A Dreary Day, a Doubtful Saint, and Too Much Christmas

A dreary, cold day, though mercifully not freezing, but with rain looming. St. Thomas’ Day Eve—dedicated to the patron saint of doubt—drapes itself in the sort of gloom that makes you wonder why you bothered to look out the window. That housing estate west of Guisborough in today’s photo? I had been blind to its charms until now, despite the not so recent tree felling which has opened up this view in High Bousdale Wood.

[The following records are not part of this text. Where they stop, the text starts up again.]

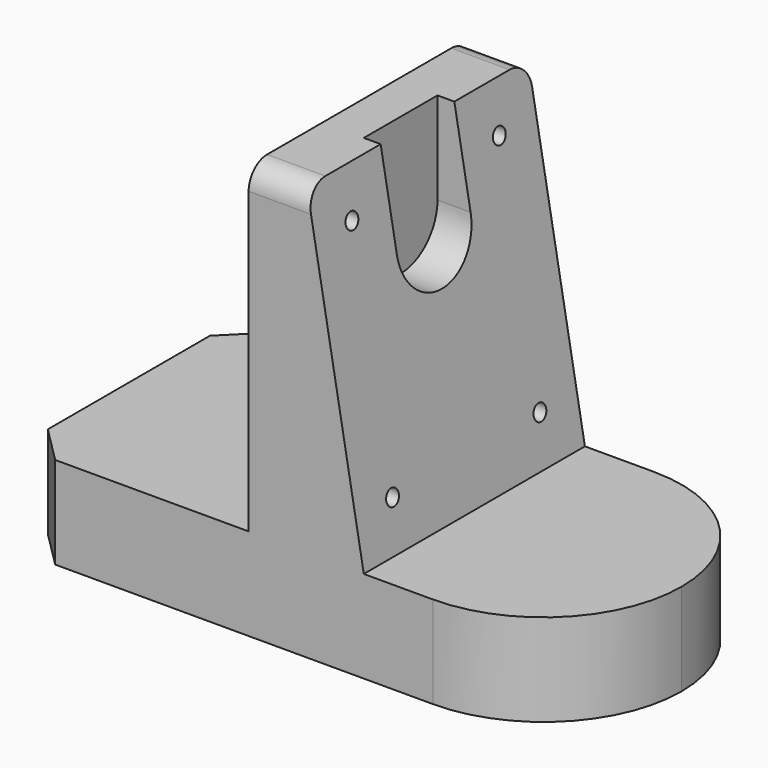
from build123d import *

# Parameters (mm, degrees)
F0_W           = 120
F0_H           = 60
F1_DEPTH       = 90
F2_W           = 50
F2_H           = 70
F2_W_2         = 45
F3_DEPTH       = 60.001
F4_R           = 29.99999
F5_SIZE        = 8
F7_D           = 3.4
F7_CBORE_D     = 7
F7_CBORE_DEPTH = 2.4
F9_DEPTH       = 16
F11_DEPTH      = 60.001
F12_R          = 5


# Not quite as in the source:
# - a fillet or chamfer is up to 0.001 mm smaller than in the source, because OpenCascade refuses the exact size


with BuildPart() as f1:
    # F0 (on Top) → F1 (new body)
    with BuildSketch(Plane.XY):
        with Locations((60, 30)):
            Rectangle(F0_W, F0_H)
    extrude(amount=F1_DEPTH)

    # F2 (on face) → F3 (cut, through all)
    with BuildSketch(Plane.XZ):
        with Locations((25, 55)):
            Rectangle(F2_W, F2_H)
        with Locations((97.5, 55)):
            Rectangle(F2_W_2, F2_H)
    extrude(amount=-F3_DEPTH, mode=Mode.SUBTRACT)

    # F4 (radius 30 in the source; OpenCascade refuses exactly that, so slightly less here)
    f4_edges = [f1.edges().sort_by_distance(p)[0] for p in [
        (120, 60, 10),
        (120, 0, 10),
    ]]
    fillet(f4_edges, radius=F4_R)

    # F5
    f5_edges = [f1.edges().sort_by_distance(p)[0] for p in [
        (0, 60, 10),
        (0, 0, 10),
    ]]
    chamfer(f5_edges, length=F5_SIZE)

    # F7 (through all)
    with Locations(Plane(origin=(50, 0, 0), x_dir=(0, -1, 0), z_dir=(-1, 0, 0))):
        with Locations((-50, 80), (-10, 80), (-10, 30), (-50, 30)):
            CounterBoreHole(F7_D / 2, F7_CBORE_D / 2, F7_CBORE_DEPTH)

    # F8 (on face) → F9 (cut)
    with BuildSketch(Plane.YZ.offset(75)):
        with BuildLine():
            Line((40, 90), (20, 90))
            Line((20, 90), (20, 70))
            ThreePointArc((20, 70), (30, 80), (40, 70))
            Line((40, 70), (40, 90))
        make_face()
        with BuildLine():
            ThreePointArc((40, 70), (30, 80), (20, 70))
            Line((20, 70), (40, 70))
        make_face()
        with BuildLine():
            Line((40, 70), (20, 70))
            ThreePointArc((20, 70), (30, 60), (40, 70))
        make_face()
    extrude(amount=-F9_DEPTH, mode=Mode.SUBTRACT)

    # F10 (on face) → F11 (cut, through all)
    with BuildSketch(Plane.XZ):
        Polygon((62.6571113504, 90), (75, 20), (75, 90), align=None)
    extrude(amount=-F11_DEPTH, mode=Mode.SUBTRACT)

    # F12
    f12_edges = [f1.edges().sort_by_distance(p)[0] for p in [
        (56.328556, 60, 90),
        (56.328556, 0, 90),
    ]]
    fillet(f12_edges, radius=F12_R)


solid = f1.part

We are now firmly entrenched in the season of relentless Christmas cheer. Everything is “Christmas this” and “Christmas that.” Would life have been better in the Middle Ages, when the Christmas holiday began, at the latest, tonight? Medieval folk, it seems, could not quite agree on the rules: some started on 16 December, delighting in the nine-day stretch known as the “Novena.” Emperor Theodosius, ever the bureaucrat, decreed a 14-day celebration spanning 19 December to 1st January. But the medieval mind, in its wisdom, shifted the festivities to run from St. Thomas’s Eve to Twelfth Night. Nowadays, after the Victorians grudgingly handed us the meagre Boxing Day, the season has ballooned back to medieval proportions. I wonder if the medieval scribe, hunched over his manuscripts, would have approved. Perhaps he found illuminating manuscripts no less tedious than we find replying to emails.1London Evening Standard – 25 December 1890. ‘Weird Christmases.’ https://www.britishnewspaperarchive.co.uk/viewer/bl/0000183/18901225/004/0002?noTouch=true

This stretch of time between St. Thomas’s Eve and Christmas Eve is also when the dead allegedly wander the earth. Us Northerners used to cling to this belief, naturally spawning a wealth of ghost stories. Charles Dickens, master of festive misery, certainly made good use of the idea.